We identified four points that Descartes covers in the Third Meditation. We talked about three of them. Then we quickly mentioned two famous objections to Descartes’s project. The details are given on the handout.
The burden of the Third Meditation is to show that our idea of God is different from our other ideas. This idea is such that it must have an external cause that resembles the idea. That isn’t true of our other ideas: they could be generated by ourselves or things that they don’t resemble (like evil geniuses, say).
We went through some of the detail of Descartes’s argument for that conclusion. Very basically, it is that finite beings cannot generate ideas of infinite things on their own. We also went through how one might challenge that by showing how the idea of an infinite being could be generated by a finite one. It helps if the idea of an infinite being is couched largely in negative terms, such as “the idea of something greater than we can understand.”
But leave those objections aside. Suppose that Descartes has shown that the idea of God must be caused by a real, infinite thing. What does that have to do with establishing a foundation for the sciences? Descartes’s answer is that it would show that God is not a deceiver and would not allow us to be generally deceived. Therefore, we can trust our senses and other beliefs, free from the doubt engendered by the possibility that we are deceived by dreams or evil geniuses.

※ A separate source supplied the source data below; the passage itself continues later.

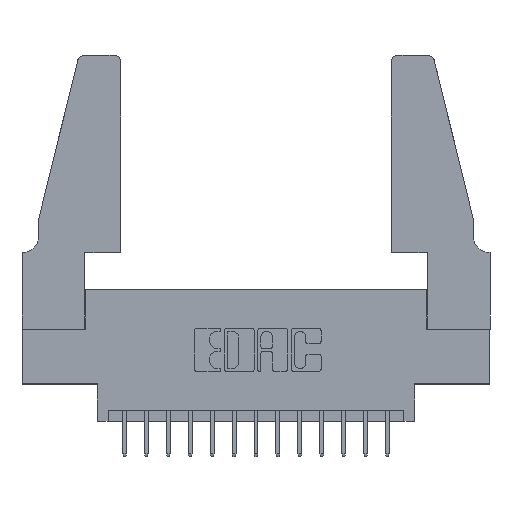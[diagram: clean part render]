
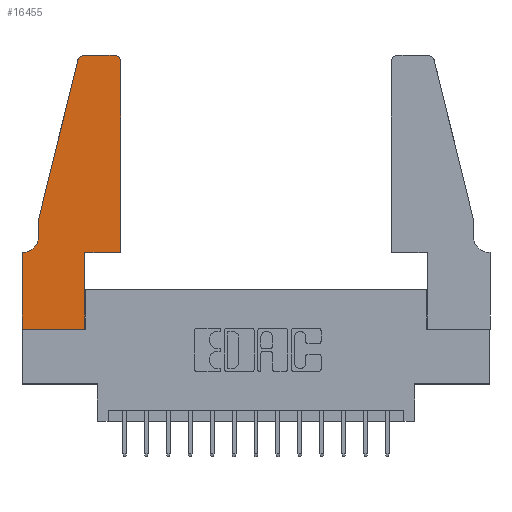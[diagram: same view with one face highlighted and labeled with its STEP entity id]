
A CAD part, top view. The second image highlights one B-rep face of the part: STEP entity #16455.
In plain terms, the highlighted planar face has unit normal (0, 0, 1).
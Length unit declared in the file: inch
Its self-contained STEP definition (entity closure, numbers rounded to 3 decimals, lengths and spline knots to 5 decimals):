
#24 = CARTESIAN_POINT ( 'NONE',  ( 0.0755, 0.5, 0.37 ) ) ;
#61 = CARTESIAN_POINT ( 'NONE',  ( 0.284, 1.25, 0.37 ) ) ;
#495 = ORIENTED_EDGE ( 'NONE', *, *, #12452, .T. ) ;
#755 = CARTESIAN_POINT ( 'NONE',  ( 0.2865, 0., 0.37 ) ) ;
#765 = CARTESIAN_POINT ( 'NONE',  ( 0.0755, 0.5, 0.37 ) ) ;
#875 = VERTEX_POINT ( 'NONE', #9621 ) ;
#919 = VECTOR ( 'NONE', #1364, 39.37008 ) ;
#1268 = ORIENTED_EDGE ( 'NONE', *, *, #7917, .T. ) ;
#1325 = VECTOR ( 'NONE', #1916, 39.37008 ) ;
#1364 = DIRECTION ( 'NONE',  ( -0.239, -0.971, 0. ) ) ;
#1634 = VECTOR ( 'NONE', #3350, 39.37008 ) ;
#1874 = CIRCLE ( 'NONE', #6621, 0.03 ) ;
#1916 = DIRECTION ( 'NONE',  ( 1., 0., 0. ) ) ;
#1967 = CARTESIAN_POINT ( 'NONE',  ( 0., 0., 0.37 ) ) ;
#2182 = ORIENTED_EDGE ( 'NONE', *, *, #4784, .T. ) ;
#2227 = VECTOR ( 'NONE', #13800, 39.37008 ) ;
#2240 = DIRECTION ( 'NONE',  ( 0., 0., 1. ) ) ;
#2303 = VERTEX_POINT ( 'NONE', #6227 ) ;
#2391 = LINE ( 'NONE', #16408, #8820 ) ;
#2397 = CARTESIAN_POINT ( 'NONE',  ( 0.4505, 1.22, 0.37 ) ) ;
#2732 = CARTESIAN_POINT ( 'NONE',  ( 0.4505, 0.35, 0.37 ) ) ;
#2824 = VERTEX_POINT ( 'NONE', #12180 ) ;
#2920 = EDGE_CURVE ( 'NONE', #9655, #12077, #4256, .T. ) ;
#3118 = PLANE ( 'NONE',  #6159 ) ;
#3288 = EDGE_CURVE ( 'NONE', #2824, #10259, #14769, .T. ) ;
#3350 = DIRECTION ( 'NONE',  ( -1., 0., 0. ) ) ;
#3437 = ORIENTED_EDGE ( 'NONE', *, *, #3288, .T. ) ;
#3443 = CARTESIAN_POINT ( 'NONE',  ( 0.0755, 0.35, 0.37 ) ) ;
#3829 = ORIENTED_EDGE ( 'NONE', *, *, #7589, .T. ) ;
#3847 = EDGE_CURVE ( 'NONE', #9854, #9655, #5633, .T. ) ;
#4188 = CARTESIAN_POINT ( 'NONE',  ( 0., 0., 0.37 ) ) ;
#4256 = CIRCLE ( 'NONE', #9482, 0.03 ) ;
#4360 = ORIENTED_EDGE ( 'NONE', *, *, #8823, .T. ) ;
#4362 = DIRECTION ( 'NONE',  ( -1., 0., 0. ) ) ;
#4373 = DIRECTION ( 'NONE',  ( 0., 0., -1. ) ) ;
#4391 = CARTESIAN_POINT ( 'NONE',  ( 0.0055, 0.42, 0.37 ) ) ;
#4414 = CARTESIAN_POINT ( 'NONE',  ( 0., 0.35, 0.37 ) ) ;
#4738 = LINE ( 'NONE', #1967, #1325 ) ;
#4784 = EDGE_CURVE ( 'NONE', #9501, #2303, #5204, .T. ) ;
#5204 = LINE ( 'NONE', #9227, #15298 ) ;
#5311 = EDGE_CURVE ( 'NONE', #6510, #2824, #8772, .T. ) ;
#5583 = EDGE_CURVE ( 'NONE', #16345, #9501, #4738, .T. ) ;
#5633 = LINE ( 'NONE', #13785, #2227 ) ;
#5704 = DIRECTION ( 'NONE',  ( 0., 0., 1. ) ) ;
#6159 = AXIS2_PLACEMENT_3D ( 'NONE', #4414, #5704, #14575 ) ;
#6227 = CARTESIAN_POINT ( 'NONE',  ( 0.2865, 0.35, 0.37 ) ) ;
#6401 = ORIENTED_EDGE ( 'NONE', *, *, #11606, .T. ) ;
#6418 = ORIENTED_EDGE ( 'NONE', *, *, #13967, .T. ) ;
#6510 = VERTEX_POINT ( 'NONE', #14162 ) ;
#6621 = AXIS2_PLACEMENT_3D ( 'NONE', #9895, #2240, #11123 ) ;
#6858 = LINE ( 'NONE', #10483, #8945 ) ;
#7440 = VECTOR ( 'NONE', #13553, 39.37008 ) ;
#7589 = EDGE_CURVE ( 'NONE', #9168, #875, #1874, .T. ) ;
#7593 = DIRECTION ( 'NONE',  ( 1., 0., 0. ) ) ;
#7917 = EDGE_CURVE ( 'NONE', #10259, #16345, #6858, .T. ) ;
#8772 = CIRCLE ( 'NONE', #14871, 0.07 ) ;
#8820 = VECTOR ( 'NONE', #7593, 39.37008 ) ;
#8823 = EDGE_CURVE ( 'NONE', #14303, #6510, #14197, .T. ) ;
#8945 = VECTOR ( 'NONE', #11729, 39.37008 ) ;
#9124 = ORIENTED_EDGE ( 'NONE', *, *, #3847, .T. ) ;
#9168 = VERTEX_POINT ( 'NONE', #61 ) ;
#9227 = CARTESIAN_POINT ( 'NONE',  ( 0.2865, 0.35, 0.37 ) ) ;
#9345 = DIRECTION ( 'NONE',  ( 0., 1., 0. ) ) ;
#9482 = AXIS2_PLACEMENT_3D ( 'NONE', #9746, #9694, #9692 ) ;
#9501 = VERTEX_POINT ( 'NONE', #755 ) ;
#9608 = EDGE_LOOP ( 'NONE', ( #495, #3829, #6418, #4360, #15660, #3437, #1268, #9842, #2182, #6401, #9124, #11259 ) ) ;
#9621 = CARTESIAN_POINT ( 'NONE',  ( 0.25487, 1.22718, 0.37 ) ) ;
#9655 = VERTEX_POINT ( 'NONE', #2397 ) ;
#9664 = FACE_OUTER_BOUND ( 'NONE', #9608, .T. ) ;
#9692 = DIRECTION ( 'NONE',  ( 1., 0., 0. ) ) ;
#9694 = DIRECTION ( 'NONE',  ( 0., 0., 1. ) ) ;
#9746 = CARTESIAN_POINT ( 'NONE',  ( 0.4205, 1.22, 0.37 ) ) ;
#9842 = ORIENTED_EDGE ( 'NONE', *, *, #5583, .T. ) ;
#9854 = VERTEX_POINT ( 'NONE', #2732 ) ;
#9895 = CARTESIAN_POINT ( 'NONE',  ( 0.284, 1.22, 0.37 ) ) ;
#10259 = VERTEX_POINT ( 'NONE', #16111 ) ;
#10483 = CARTESIAN_POINT ( 'NONE',  ( 0., 0., 0.37 ) ) ;
#11092 = LINE ( 'NONE', #24, #919 ) ;
#11123 = DIRECTION ( 'NONE',  ( 1., 0., 0. ) ) ;
#11259 = ORIENTED_EDGE ( 'NONE', *, *, #2920, .T. ) ;
#11606 = EDGE_CURVE ( 'NONE', #2303, #9854, #2391, .T. ) ;
#11729 = DIRECTION ( 'NONE',  ( 0., -1., 0. ) ) ;
#12077 = VERTEX_POINT ( 'NONE', #15265 ) ;
#12117 = VECTOR ( 'NONE', #13509, 39.37008 ) ;
#12180 = CARTESIAN_POINT ( 'NONE',  ( 0.0055, 0.35, 0.37 ) ) ;
#12452 = EDGE_CURVE ( 'NONE', #12077, #9168, #12495, .T. ) ;
#12495 = LINE ( 'NONE', #14761, #12117 ) ;
#13453 = CARTESIAN_POINT ( 'NONE',  ( 0.0755, 0.5, 0.37 ) ) ;
#13509 = DIRECTION ( 'NONE',  ( -1., 0., 0. ) ) ;
#13553 = DIRECTION ( 'NONE',  ( 0., -1., 0. ) ) ;
#13785 = CARTESIAN_POINT ( 'NONE',  ( 0.4505, 0.35, 0.37 ) ) ;
#13800 = DIRECTION ( 'NONE',  ( 0., 1., 0. ) ) ;
#13967 = EDGE_CURVE ( 'NONE', #875, #14303, #11092, .T. ) ;
#14162 = CARTESIAN_POINT ( 'NONE',  ( 0.0755, 0.42, 0.37 ) ) ;
#14197 = LINE ( 'NONE', #765, #7440 ) ;
#14303 = VERTEX_POINT ( 'NONE', #13453 ) ;
#14575 = DIRECTION ( 'NONE',  ( 1., 0., 0. ) ) ;
#14761 = CARTESIAN_POINT ( 'NONE',  ( 0.2605, 1.25, 0.37 ) ) ;
#14769 = LINE ( 'NONE', #3443, #1634 ) ;
#14871 = AXIS2_PLACEMENT_3D ( 'NONE', #4391, #4373, #4362 ) ;
#15265 = CARTESIAN_POINT ( 'NONE',  ( 0.4205, 1.25, 0.37 ) ) ;
#15298 = VECTOR ( 'NONE', #9345, 39.37008 ) ;
#15660 = ORIENTED_EDGE ( 'NONE', *, *, #5311, .T. ) ;
#16111 = CARTESIAN_POINT ( 'NONE',  ( 0., 0.35, 0.37 ) ) ;
#16345 = VERTEX_POINT ( 'NONE', #4188 ) ;
#16408 = CARTESIAN_POINT ( 'NONE',  ( 0.4505, 0.35, 0.37 ) ) ;
#16455 = ADVANCED_FACE ( 'NONE', ( #9664 ), #3118, .T. ) ;

It’s that step that seems to involve some very substantial assumptions on Descartes’s part. Why think that an infinite being would care to ensure that we aren’t deceived? We might think that if we associate perfection with God and associate good qualities in God with good qualities in human beings. But why make those associations?
Perhaps Descartes was reading the image of God idea in the other direction. If we’re like God, then God is like us. Just as a good person isn’t deceptive, God must not be deceptive.